#### ASSIGNMENT
List every line below containing "orthogonalEdgeStyle".

——

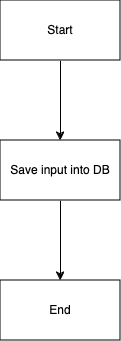

The diagram above was exported from draw.io. Its source (the exported page's mxGraphModel, read from the mxfile embedded in the PNG):
<mxGraphModel dx="1234" dy="1129" grid="1" gridSize="10" guides="1" tooltips="1" connect="1" arrows="1" fold="1" page="1" pageScale="1" pageWidth="850" pageHeight="1100" math="0" shadow="0">
  <root>
    <mxCell id="0" />
    <mxCell id="1" parent="0" />
    <mxCell id="8SHaBQG7St0qUrsznFA7-3" value="" style="edgeStyle=orthogonalEdgeStyle;rounded=0;orthogonalLoop=1;jettySize=auto;html=1;" edge="1" parent="1" source="8SHaBQG7St0qUrsznFA7-1" target="8SHaBQG7St0qUrsznFA7-2">
      <mxGeometry relative="1" as="geometry" />
    </mxCell>
    <mxCell id="8SHaBQG7St0qUrsznFA7-1" value="Start" style="rounded=0;whiteSpace=wrap;html=1;" vertex="1" parent="1">
      <mxGeometry x="365" y="80" width="120" height="60" as="geometry" />
    </mxCell>
    <mxCell id="8SHaBQG7St0qUrsznFA7-5" value="" style="edgeStyle=orthogonalEdgeStyle;rounded=0;orthogonalLoop=1;jettySize=auto;html=1;" edge="1" parent="1" source="8SHaBQG7St0qUrsznFA7-2" target="8SHaBQG7St0qUrsznFA7-4">
      <mxGeometry relative="1" as="geometry" />
    </mxCell>
    <mxCell id="8SHaBQG7St0qUrsznFA7-2" value="Save input into DB" style="rounded=0;whiteSpace=wrap;html=1;" vertex="1" parent="1">
      <mxGeometry x="365" y="220" width="120" height="60" as="geometry" />
    </mxCell>
    <mxCell id="8SHaBQG7St0qUrsznFA7-4" value="End" style="rounded=0;whiteSpace=wrap;html=1;" vertex="1" parent="1">
      <mxGeometry x="365" y="360" width="120" height="60" as="geometry" />
    </mxCell>
  </root>
</mxGraphModel>
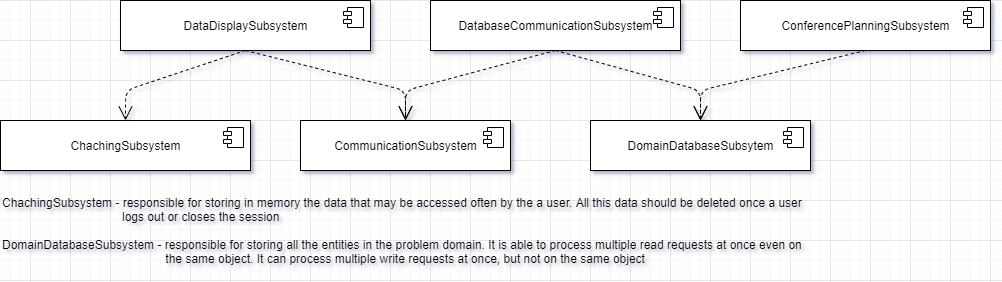

The diagram above was exported from draw.io. Its source (the exported page's mxGraphModel, read from the mxfile embedded in the PNG):
<mxGraphModel dx="912" dy="823" grid="1" gridSize="10" guides="1" tooltips="1" connect="1" arrows="1" fold="1" page="1" pageScale="1" pageWidth="850" pageHeight="1100" math="0" shadow="0">
  <root>
    <mxCell id="0" />
    <mxCell id="1" parent="0" />
    <mxCell id="yG8Lits2ED_Ncrmbd30G-1" value="DatabaseCommunicationSubsystem" style="html=1;dropTarget=0;" vertex="1" parent="1">
      <mxGeometry x="440" y="160" width="250" height="50" as="geometry" />
    </mxCell>
    <mxCell id="yG8Lits2ED_Ncrmbd30G-2" value="" style="shape=component;jettyWidth=8;jettyHeight=4;" vertex="1" parent="yG8Lits2ED_Ncrmbd30G-1">
      <mxGeometry x="1" width="20" height="20" relative="1" as="geometry">
        <mxPoint x="-27" y="7" as="offset" />
      </mxGeometry>
    </mxCell>
    <mxCell id="yG8Lits2ED_Ncrmbd30G-3" value="CommunicationSubsystem" style="html=1;dropTarget=0;" vertex="1" parent="1">
      <mxGeometry x="310" y="280" width="210" height="50" as="geometry" />
    </mxCell>
    <mxCell id="yG8Lits2ED_Ncrmbd30G-4" value="" style="shape=component;jettyWidth=8;jettyHeight=4;" vertex="1" parent="yG8Lits2ED_Ncrmbd30G-3">
      <mxGeometry x="1" width="20" height="20" relative="1" as="geometry">
        <mxPoint x="-27" y="7" as="offset" />
      </mxGeometry>
    </mxCell>
    <mxCell id="yG8Lits2ED_Ncrmbd30G-5" value="DomainDatabaseSubsytem" style="html=1;dropTarget=0;" vertex="1" parent="1">
      <mxGeometry x="600" y="280" width="220" height="50" as="geometry" />
    </mxCell>
    <mxCell id="yG8Lits2ED_Ncrmbd30G-6" value="" style="shape=component;jettyWidth=8;jettyHeight=4;" vertex="1" parent="yG8Lits2ED_Ncrmbd30G-5">
      <mxGeometry x="1" width="20" height="20" relative="1" as="geometry">
        <mxPoint x="-27" y="7" as="offset" />
      </mxGeometry>
    </mxCell>
    <mxCell id="yG8Lits2ED_Ncrmbd30G-7" value="ConferencePlanningSubsystem" style="html=1;dropTarget=0;" vertex="1" parent="1">
      <mxGeometry x="750" y="160" width="250" height="50" as="geometry" />
    </mxCell>
    <mxCell id="yG8Lits2ED_Ncrmbd30G-8" value="" style="shape=component;jettyWidth=8;jettyHeight=4;" vertex="1" parent="yG8Lits2ED_Ncrmbd30G-7">
      <mxGeometry x="1" width="20" height="20" relative="1" as="geometry">
        <mxPoint x="-27" y="7" as="offset" />
      </mxGeometry>
    </mxCell>
    <mxCell id="yG8Lits2ED_Ncrmbd30G-9" value="DataDisplaySubsystem" style="html=1;dropTarget=0;" vertex="1" parent="1">
      <mxGeometry x="130" y="160" width="250" height="50" as="geometry" />
    </mxCell>
    <mxCell id="yG8Lits2ED_Ncrmbd30G-10" value="" style="shape=component;jettyWidth=8;jettyHeight=4;" vertex="1" parent="yG8Lits2ED_Ncrmbd30G-9">
      <mxGeometry x="1" width="20" height="20" relative="1" as="geometry">
        <mxPoint x="-27" y="7" as="offset" />
      </mxGeometry>
    </mxCell>
    <mxCell id="yG8Lits2ED_Ncrmbd30G-11" value="ChachingSubsystem" style="html=1;dropTarget=0;" vertex="1" parent="1">
      <mxGeometry x="10" y="280" width="250" height="50" as="geometry" />
    </mxCell>
    <mxCell id="yG8Lits2ED_Ncrmbd30G-12" value="" style="shape=component;jettyWidth=8;jettyHeight=4;" vertex="1" parent="yG8Lits2ED_Ncrmbd30G-11">
      <mxGeometry x="1" width="20" height="20" relative="1" as="geometry">
        <mxPoint x="-27" y="7" as="offset" />
      </mxGeometry>
    </mxCell>
    <mxCell id="yG8Lits2ED_Ncrmbd30G-13" value="" style="endArrow=open;endSize=12;dashed=1;html=1;exitX=0.5;exitY=1;exitDx=0;exitDy=0;entryX=0.5;entryY=0;entryDx=0;entryDy=0;" edge="1" parent="1" source="yG8Lits2ED_Ncrmbd30G-9" target="yG8Lits2ED_Ncrmbd30G-11">
      <mxGeometry width="160" relative="1" as="geometry">
        <mxPoint x="90" y="370" as="sourcePoint" />
        <mxPoint x="250" y="370" as="targetPoint" />
        <Array as="points">
          <mxPoint x="135" y="250" />
        </Array>
      </mxGeometry>
    </mxCell>
    <mxCell id="yG8Lits2ED_Ncrmbd30G-14" value="" style="endArrow=open;endSize=12;dashed=1;html=1;exitX=0.5;exitY=1;exitDx=0;exitDy=0;entryX=0.5;entryY=0;entryDx=0;entryDy=0;" edge="1" parent="1" source="yG8Lits2ED_Ncrmbd30G-9" target="yG8Lits2ED_Ncrmbd30G-3">
      <mxGeometry width="160" relative="1" as="geometry">
        <mxPoint x="265" y="220" as="sourcePoint" />
        <mxPoint x="145" y="290" as="targetPoint" />
        <Array as="points">
          <mxPoint x="415" y="250" />
        </Array>
      </mxGeometry>
    </mxCell>
    <mxCell id="yG8Lits2ED_Ncrmbd30G-15" value="" style="endArrow=open;endSize=12;dashed=1;html=1;exitX=0.5;exitY=1;exitDx=0;exitDy=0;entryX=0.5;entryY=0;entryDx=0;entryDy=0;" edge="1" parent="1" source="yG8Lits2ED_Ncrmbd30G-1" target="yG8Lits2ED_Ncrmbd30G-3">
      <mxGeometry width="160" relative="1" as="geometry">
        <mxPoint x="580" y="210" as="sourcePoint" />
        <mxPoint x="460" y="280" as="targetPoint" />
        <Array as="points">
          <mxPoint x="415" y="250" />
        </Array>
      </mxGeometry>
    </mxCell>
    <mxCell id="yG8Lits2ED_Ncrmbd30G-17" value="" style="endArrow=open;endSize=12;dashed=1;html=1;exitX=0.5;exitY=1;exitDx=0;exitDy=0;entryX=0.5;entryY=0;entryDx=0;entryDy=0;" edge="1" parent="1" source="yG8Lits2ED_Ncrmbd30G-1" target="yG8Lits2ED_Ncrmbd30G-5">
      <mxGeometry width="160" relative="1" as="geometry">
        <mxPoint x="750" y="240" as="sourcePoint" />
        <mxPoint x="630" y="310" as="targetPoint" />
        <Array as="points">
          <mxPoint x="710" y="250" />
        </Array>
      </mxGeometry>
    </mxCell>
    <mxCell id="yG8Lits2ED_Ncrmbd30G-18" value="" style="endArrow=open;endSize=12;dashed=1;html=1;exitX=0.5;exitY=1;exitDx=0;exitDy=0;entryX=0.5;entryY=0;entryDx=0;entryDy=0;" edge="1" parent="1" source="yG8Lits2ED_Ncrmbd30G-7" target="yG8Lits2ED_Ncrmbd30G-5">
      <mxGeometry width="160" relative="1" as="geometry">
        <mxPoint x="870" y="210" as="sourcePoint" />
        <mxPoint x="750" y="280" as="targetPoint" />
        <Array as="points">
          <mxPoint x="710" y="250" />
        </Array>
      </mxGeometry>
    </mxCell>
    <mxCell id="yG8Lits2ED_Ncrmbd30G-19" value="ChachingSubsystem - responsible for storing in memory the data that may be accessed often by the a user. All this data should be deleted once a user &lt;br&gt;&amp;nbsp; &amp;nbsp; &amp;nbsp; &amp;nbsp; &amp;nbsp; &amp;nbsp; &amp;nbsp; &amp;nbsp; &amp;nbsp; &amp;nbsp; &amp;nbsp; &amp;nbsp; &amp;nbsp; &amp;nbsp; &amp;nbsp; &amp;nbsp; &amp;nbsp; &amp;nbsp; logs out or closes the session&lt;br&gt;&lt;br&gt;DomainDatabaseSubsystem - responsible for storing all the entities in the problem domain. It is able to process multiple read requests at once even on&lt;br&gt;&amp;nbsp; &amp;nbsp; &amp;nbsp; &amp;nbsp; &amp;nbsp; &amp;nbsp; &amp;nbsp; &amp;nbsp; &amp;nbsp; &amp;nbsp; &amp;nbsp; &amp;nbsp; &amp;nbsp; &amp;nbsp; &amp;nbsp; &amp;nbsp; &amp;nbsp; &amp;nbsp; &amp;nbsp; &amp;nbsp; &amp;nbsp; &amp;nbsp; &amp;nbsp; &amp;nbsp; &amp;nbsp;the same object. It can process multiple write requests at once, but not on the same object" style="text;html=1;align=left;verticalAlign=middle;resizable=0;points=[];autosize=1;" vertex="1" parent="1">
      <mxGeometry x="10" y="350" width="820" height="80" as="geometry" />
    </mxCell>
  </root>
</mxGraphModel>

——

#### WRITTEN RESPONSE
    <mxCell id="8SHaBQG7St0qUrsznFA7-3" value="" style="edgeStyle=orthogonalEdgeStyle;rounded=0;orthogonalLoop=1;jettySize=auto;html=1;" edge="1" parent="1" source="8SHaBQG7St0qUrsznFA7-1" target="8SHaBQG7St0qUrsznFA7-2">
    <mxCell id="8SHaBQG7St0qUrsznFA7-5" value="" style="edgeStyle=orthogonalEdgeStyle;rounded=0;orthogonalLoop=1;jettySize=auto;html=1;" edge="1" parent="1" source="8SHaBQG7St0qUrsznFA7-2" target="8SHaBQG7St0qUrsznFA7-4">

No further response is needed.